In April 1953, James Watson and Francis Crick published a one-page paper in Nature proposing the double-helical structure of DNA. Their model rested on three streams of evidence, none of which they themselves generated:

• X-ray diffraction images taken by Rosalind Franklin and Maurice Wilkins at King's College London. Franklin's famous Photograph 51 showed the characteristic cross pattern of a helical structure and yielded the helix pitch (3.4 nm) and diameter (2 nm).
• Chargaff's base-composition data demonstrating that the molar ratio of A to T, and of G to C, was always 1:1 in any species.
• Astbury and Furberg's earlier crystallographic work on nucleotide structure, which established that the bases lay perpendicular to the sugar-phosphate backbone.

The model assembled these fragments into a single structure:

• DNA is a double helix — two antiparallel polynucleotide strands wound around a common axis in a right-handed twist.
• The two strands run in opposite directions: one 5′→3′, the other 3′→5′. The 5′ end terminates in a free phosphate group; the 3′ end terminates in a free –OH on the deoxyribose.
• The sugar-phosphate backbone lies on the outside; the bases project inwards into the hydrophobic core of the helix.
• Complementary base pairing holds the two strands together: adenine pairs with thymine via two hydrogen bonds (A=T), and guanine pairs with cytosine via three hydrogen bonds (G≡C).
• One complete turn of the helix spans 3.4 nm and contains 10 base pairs; each base pair is therefore separated vertically by 0.34 nm.
• The helix has a major groove (about 2.2 nm wide) and a minor groove (1.2 nm wide). Regulatory proteins typically read the base sequence from the major groove, where the chemical signatures of bases are most accessible without strand separation.

flowchart TD
  A["Sugar-phosphate backbone (5'→3')"] -->|"phosphodiester bonds"| B["Base 1 (A)"]
  B -->|"2 H-bonds"| C["Base T on opposite strand"]
  C --> D["Sugar-phosphate backbone (3'→5')"]
  A2["Backbone continues"] -->|"phosphodiester bonds"| B2["Base G"]
  B2 -->|"3 H-bonds"| C2["Base C on opposite strand"]
  C2 --> D2["Antiparallel strand"]

Exam Tip: Questions often ask why the double helix has a constant diameter. The answer: a purine (two rings, ~1.2 nm) always pairs with a pyrimidine (one ring, ~0.8 nm), giving a consistent three-ring span (~2.0 nm) across the helix. Two purines would bulge; two pyrimidines would pinch.

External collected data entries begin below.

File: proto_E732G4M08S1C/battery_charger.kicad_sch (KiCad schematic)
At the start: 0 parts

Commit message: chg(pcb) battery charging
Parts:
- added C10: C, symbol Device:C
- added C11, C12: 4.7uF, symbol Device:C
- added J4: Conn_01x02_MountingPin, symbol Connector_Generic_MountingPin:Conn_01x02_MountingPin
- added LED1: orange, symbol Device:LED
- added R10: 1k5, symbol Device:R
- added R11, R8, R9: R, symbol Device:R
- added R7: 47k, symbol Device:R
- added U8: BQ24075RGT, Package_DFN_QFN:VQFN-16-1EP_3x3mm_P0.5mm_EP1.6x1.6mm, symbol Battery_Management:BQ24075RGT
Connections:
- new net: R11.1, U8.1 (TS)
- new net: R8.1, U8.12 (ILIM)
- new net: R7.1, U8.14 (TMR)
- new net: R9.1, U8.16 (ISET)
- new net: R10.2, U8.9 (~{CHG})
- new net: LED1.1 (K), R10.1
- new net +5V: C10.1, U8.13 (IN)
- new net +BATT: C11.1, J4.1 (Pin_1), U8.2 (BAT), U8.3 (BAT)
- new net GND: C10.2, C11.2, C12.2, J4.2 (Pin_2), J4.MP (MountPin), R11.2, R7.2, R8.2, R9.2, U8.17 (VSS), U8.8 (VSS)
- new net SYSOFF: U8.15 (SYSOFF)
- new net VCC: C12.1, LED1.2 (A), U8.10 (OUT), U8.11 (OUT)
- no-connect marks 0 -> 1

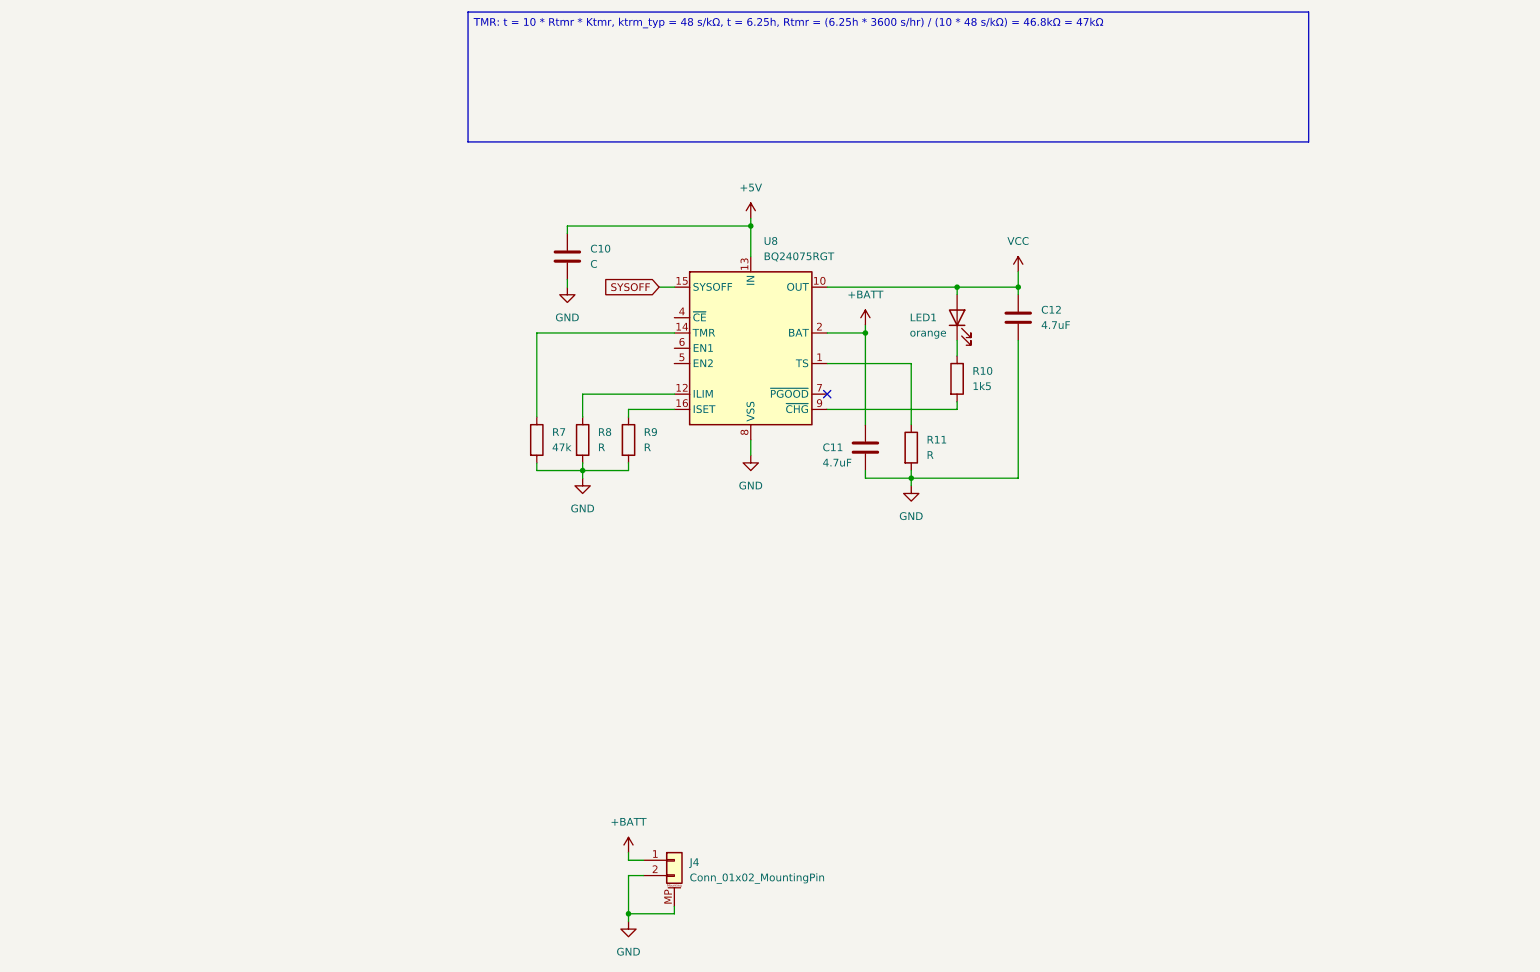
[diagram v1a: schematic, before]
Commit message: chg(pcb) more battery charger
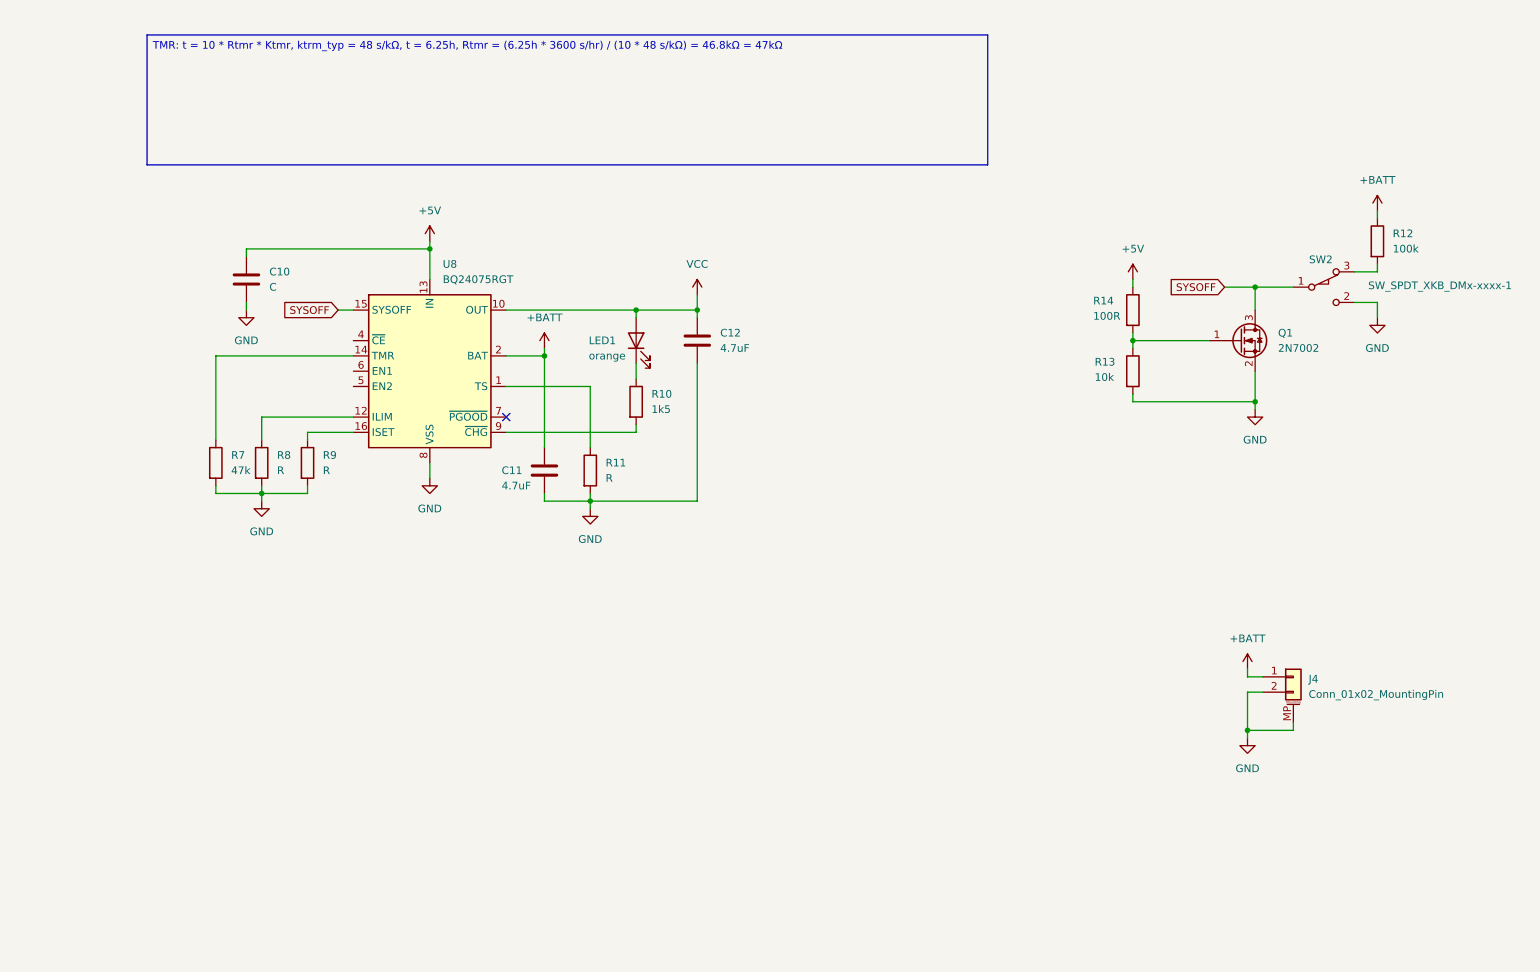
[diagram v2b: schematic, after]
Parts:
- added Q1: 2N7002, Package_TO_SOT_SMD:SOT-23, symbol Transistor_FET:2N7002
- added R12: 100k, symbol Device:R
- added R13: 10k, symbol Device:R
- added R14: 100R, symbol Device:R
- added SW2: SW_SPDT_XKB_DMx-xxxx-1, symbol Switch:SW_SPDT_XKB_DMx-xxxx-1
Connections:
- net +5V: now also R14.1
- net +BATT: now also R12.1
- net GND: now also Q1.2 (S), R13.2, SW2.2 (B)
- net SYSOFF: now also Q1.3 (D), SW2.1 (A)
- new net: Q1.1 (G), R13.1, R14.2
- new net: R12.2, SW2.3 (C)
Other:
- moved on the sheet: C10, C11, C12, J4, LED1, R10, R11, R7, R8, R9, U8

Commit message: feat(pcb) more changes
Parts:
- added R15, R16: 10k, Resistor_SMD:R_0603_1608Metric, symbol Device:R
- added TP1: I_{LIM}, TestPoint:TestPoint_Pad_D1.0mm, symbol Connector:TestPoint
- added TP2: SYSOFF, TestPoint:TestPoint_Pad_D1.0mm, symbol Connector:TestPoint
- added TP3: +VSW, TestPoint:TestPoint_Pad_D1.0mm, symbol Connector:TestPoint
- added TP4: +BATT, TestPoint:TestPoint_Pad_D1.0mm, symbol Connector:TestPoint
- added TP5: I_{max} EN1, TestPoint:TestPoint_Pad_D1.0mm, symbol Connector:TestPoint
- added TP6: I_{max} EN2, TestPoint:TestPoint_Pad_D1.0mm, symbol Connector:TestPoint
- C10: value C -> 4.7uF; footprint (none) -> Capacitor_SMD:C_0603_1608Metric
- C11, C12: footprint (none) -> Capacitor_SMD:C_0603_1608Metric
- J4: value Conn_01x02_MountingPin -> Battery
- R10, R12, R13, R14, R7: footprint (none) -> Resistor_SMD:R_0603_1608Metric
- R11: value R -> 10k; footprint (none) -> Resistor_SMD:R_0603_1608Metric
- R8: value R -> 1.33k; footprint (none) -> Resistor_SMD:R_0603_1608Metric
- R9: value R -> Rlim; footprint (none) -> Resistor_SMD:R_0603_1608Metric
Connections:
- net +BATT: now also TP4.1
- net GND: now also R7.1, R8.1, U8.4 (~{CE}), R15.2, R16.2; no longer R7.2, R8.2
- net SYSOFF: now also TP2.1
- net I_{LIM}: now reaches U8.12 (ILIM)
- net I_{LIM}: now also R8.2, TP1.1; no longer R8.1
- net at U8.14 (TMR): now also R7.2; no longer R7.1
- net I_{SET}: now reaches R9.1, U8.16 (ISET)
- net Imax_en2: now reaches U8.5 (EN2)
- net Imax_en2: now also R15.1, TP6.1
- net Imax_en1: now reaches U8.6 (EN1)
- net Imax_en1: now also R16.1, TP5.1
- net VCC renamed +VSW
- net +VSW: now also TP3.1
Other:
- moved on the sheet: R13, R14, R7, R8, R9

Acknowledging Franklin's contribution

Modern teaching is careful to credit Franklin's role. The X-ray diffraction data she generated were shown to Watson without her permission shortly before the 1953 paper, and the model could not have been constructed without them. She died of ovarian cancer in 1958, four years before the Nobel Prize was awarded to Watson, Crick and Wilkins; Nobel rules prohibit posthumous awards. The story is now a standard ethics case study in the history of molecular biology and a reminder that the construction of scientific knowledge is rarely the work of single individuals.

The Avery-MacLeod-McCarty and Hershey-Chase experiments

The Watson-Crick model answered the structural question, but the question of which molecule carried the genetic information was settled earlier. Avery, MacLeod and McCarty (1944) showed that the substance transforming non-virulent into virulent Streptococcus pneumoniae was DNA, not protein — they purified the transforming principle and demonstrated that DNase abolished its activity but protease did not. Hershey and Chase (1952) used differentially radio-labelled bacteriophage to show that only the DNA (³²P-labelled), not the protein coat (³⁵S-labelled), entered the bacterial cell to direct new phage synthesis. By 1953 the question was therefore: not "is DNA the genetic material?" but "how can a single molecule store, transmit and express genetic information?". The double-helix model answered all three.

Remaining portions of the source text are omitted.